# Input data
------------------------------------------------------------------------

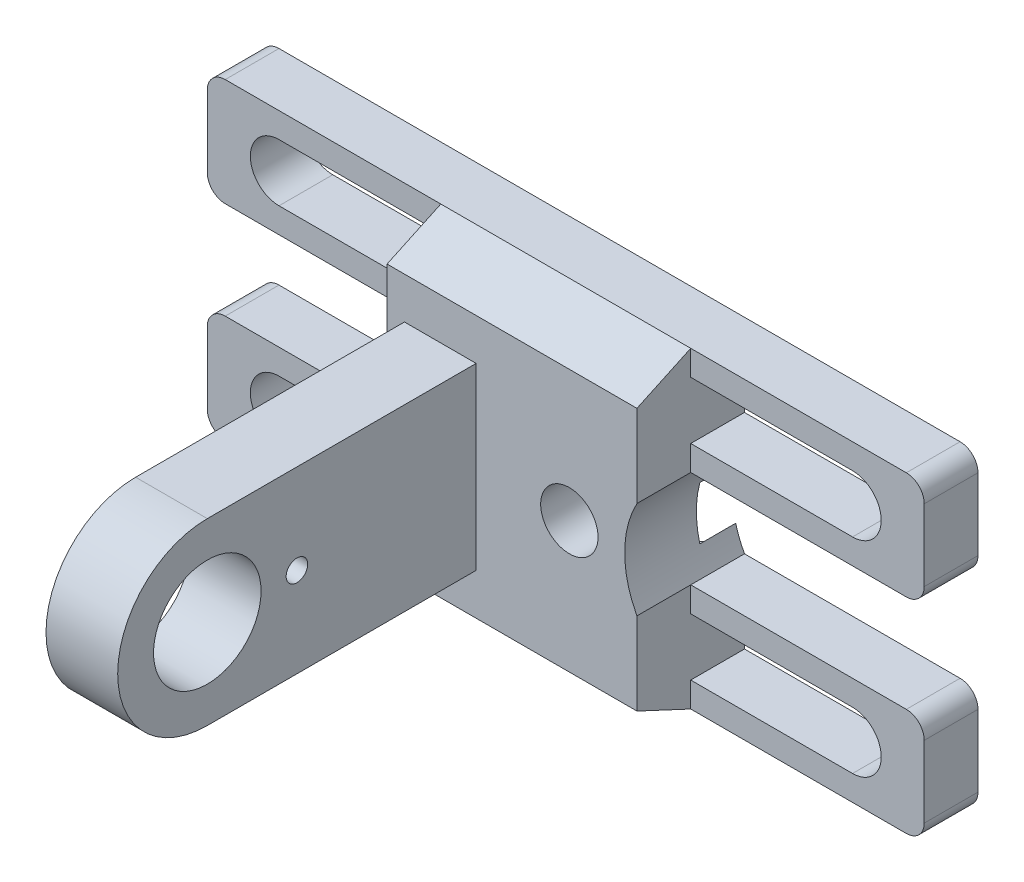
from build123d import *

# Parameters (mm, degrees)
EXTRUDE_1_DEPTH     = 3
EXTRUDE_START       = -3
EXTRUDE_2_DEPTH     = 6
EXTRUDE_START_2     = -2
SKETCH_3_R          = 3
SKETCH_3_R_2        = 0.6
EXTRUDE_3_DEPTH     = 4
FILLET_2_R          = 1
EXTRUDE_4_DEPTH     = 13.942167231
SKETCH_8_R          = 1.6
CUT_EXTRUDE_1_DEPTH = 30.596473185
SKETCH_9_R          = 3.6
CUT_EXTRUDE_2_DEPTH = 2


with BuildPart() as part:
    # 草图1 → 凸台-拉伸1 (new body)
    with BuildSketch(Plane.XY):
        with BuildLine():
            Line((20, 8.715), (20, 2.715))
            Line((20, 2.715), (6.971083616, 2.715))
            ThreePointArc((6.971083616, 2.715), (6.285, 0), (6.971083616, -2.715))
            Line((6.971083616, -2.715), (20, -2.715))
            Line((20, -2.715), (20, -8.715))
            Line((20, -8.715), (-20, -8.715))
            Line((-20, -8.715), (-20, -2.715))
            Line((-20, -2.715), (-6.971083616, -2.715))
            ThreePointArc((-6.971083616, -2.715), (-6.285, 0), (-6.971083616, 2.715))
            Line((-6.971083616, 2.715), (-20, 2.715))
            Line((-20, 2.715), (-20, 8.715))
            Line((-20, 8.715), (20, 8.715))
        make_face()
        with BuildLine():
            Line((16, 4.115), (-16, 4.115))
            ThreePointArc((-16, 4.115), (-17.6, 5.715), (-16, 7.315))
            Line((-16, 7.315), (16, 7.315))
            ThreePointArc((16, 7.315), (17.6, 5.715), (16, 4.115))
        make_face(mode=Mode.SUBTRACT)
        with BuildLine():
            Line((16, -7.315), (-16, -7.315))
            ThreePointArc((-16, -7.315), (-17.6, -5.715), (-16, -4.115))
            Line((-16, -4.115), (16, -4.115))
            ThreePointArc((16, -4.115), (17.6, -5.715), (16, -7.315))
        make_face(mode=Mode.SUBTRACT)
    extrude(amount=EXTRUDE_1_DEPTH)

    # 草图2 → 凸台-拉伸2 (add)
    with BuildSketch(Plane.XY.offset(3).offset(EXTRUDE_START)):
        with BuildLine():
            Line((-6.971083616, 2.715), (-6.971083616, 4.115))
            Line((-6.971083616, 4.115), (-6.971083616, 7.315))
            Line((-6.971083616, 7.315), (6.971083616, 7.315))
            Line((6.971083616, 7.315), (6.971083616, 4.115))
            Line((6.971083616, 4.115), (6.971083616, 2.715))
            ThreePointArc((6.971083616, 2.715), (6.285, 0), (6.971083616, -2.715))
            Line((6.971083616, -2.715), (6.971083616, -4.115))
            Line((6.971083616, -4.115), (6.971083616, -7.315))
            Line((6.971083616, -7.315), (-6.971083616, -7.315))
            Line((-6.971083616, -7.315), (-6.971083616, -4.115))
            Line((-6.971083616, -4.115), (-6.971083616, -2.715))
            ThreePointArc((-6.971083616, -2.715), (-6.285, 0), (-6.971083616, 2.715))
        make_face()
    extrude(amount=EXTRUDE_2_DEPTH)

    # 草图3 → 凸台-拉伸3 (add)
    with BuildSketch(Plane(origin=(0, 0, 0), x_dir=(0, 0, -1), z_dir=(1, 0, 0)).offset(EXTRUDE_START_2)):
        with BuildLine():
            Line((-6, 5), (-21, 5))
            ThreePointArc((-21, 5), (-26, 0), (-21, -5))
            Line((-21, -5), (-6, -5))
            Line((-6, -5), (-6, 5))
        make_face()
        with Locations((-21, 0)):
            Circle(SKETCH_3_R, mode=Mode.SUBTRACT)
        with Locations((-16, 0)):
            Circle(SKETCH_3_R_2, mode=Mode.SUBTRACT)
    extrude(amount=-EXTRUDE_3_DEPTH)

    # 圆角2
    fillet_2_edges = [part.edges().sort_by_distance(p)[0] for p in [
        (-20, -8.715, 1.5),
        (-20, -2.715, 1.5),
        (-20, 2.715, 1.5),
        (-20, 8.715, 1.5),
        (20, 8.715, 1.5),
        (20, 2.715, 1.5),
        (20, -2.715, 1.5),
        (20, -8.715, 1.5),
    ]]
    fillet(fillet_2_edges, radius=FILLET_2_R)

    # 草图6 → 凸台-拉伸4 (add)
    with BuildSketch(Plane(origin=(6.971083616, 0, 0), x_dir=(0, 0, -1), z_dir=(1, 0, 0))):
        Polygon((-6, 7.315), (-3, 8.715), (-3, 7.315), align=None)
        Polygon((-3, -7.315), (-6, -7.315), (-3, -8.715), align=None)
    extrude(amount=-EXTRUDE_4_DEPTH)

    # 草图8 → 切除-拉伸1 (cut, through all)
    with BuildSketch(Plane.XY.offset(6)):
        with Locations((3.2, 0)):
            Circle(SKETCH_8_R)
    extrude(amount=-CUT_EXTRUDE_1_DEPTH, mode=Mode.SUBTRACT)

    # 草图9 → 切除-拉伸2 (cut)
    with BuildSketch(Plane(origin=(0, 0, 0), x_dir=(-1, 0, 0), z_dir=(0, 0, -1))):
        with Locations((-3.2, 0)):
            Circle(SKETCH_9_R)
    extrude(amount=-CUT_EXTRUDE_2_DEPTH, mode=Mode.SUBTRACT)


solid = part.part

------------------------------------------------------------------------

# Directions for this task
In the entries above, find the line holding "Line((-6.971083616, -4.115), (-6.971083616, -2.715))" and the line holding "# 草图3 → 凸台-拉伸3 (add)", then retype exactly those two lines and every line between them, and nothing else.

# Finished exercise
            Line((-6.971083616, -4.115), (-6.971083616, -2.715))
            ThreePointArc((-6.971083616, -2.715), (-6.285, 0), (-6.971083616, 2.715))
        make_face()
    extrude(amount=EXTRUDE_2_DEPTH)

    # 草图3 → 凸台-拉伸3 (add)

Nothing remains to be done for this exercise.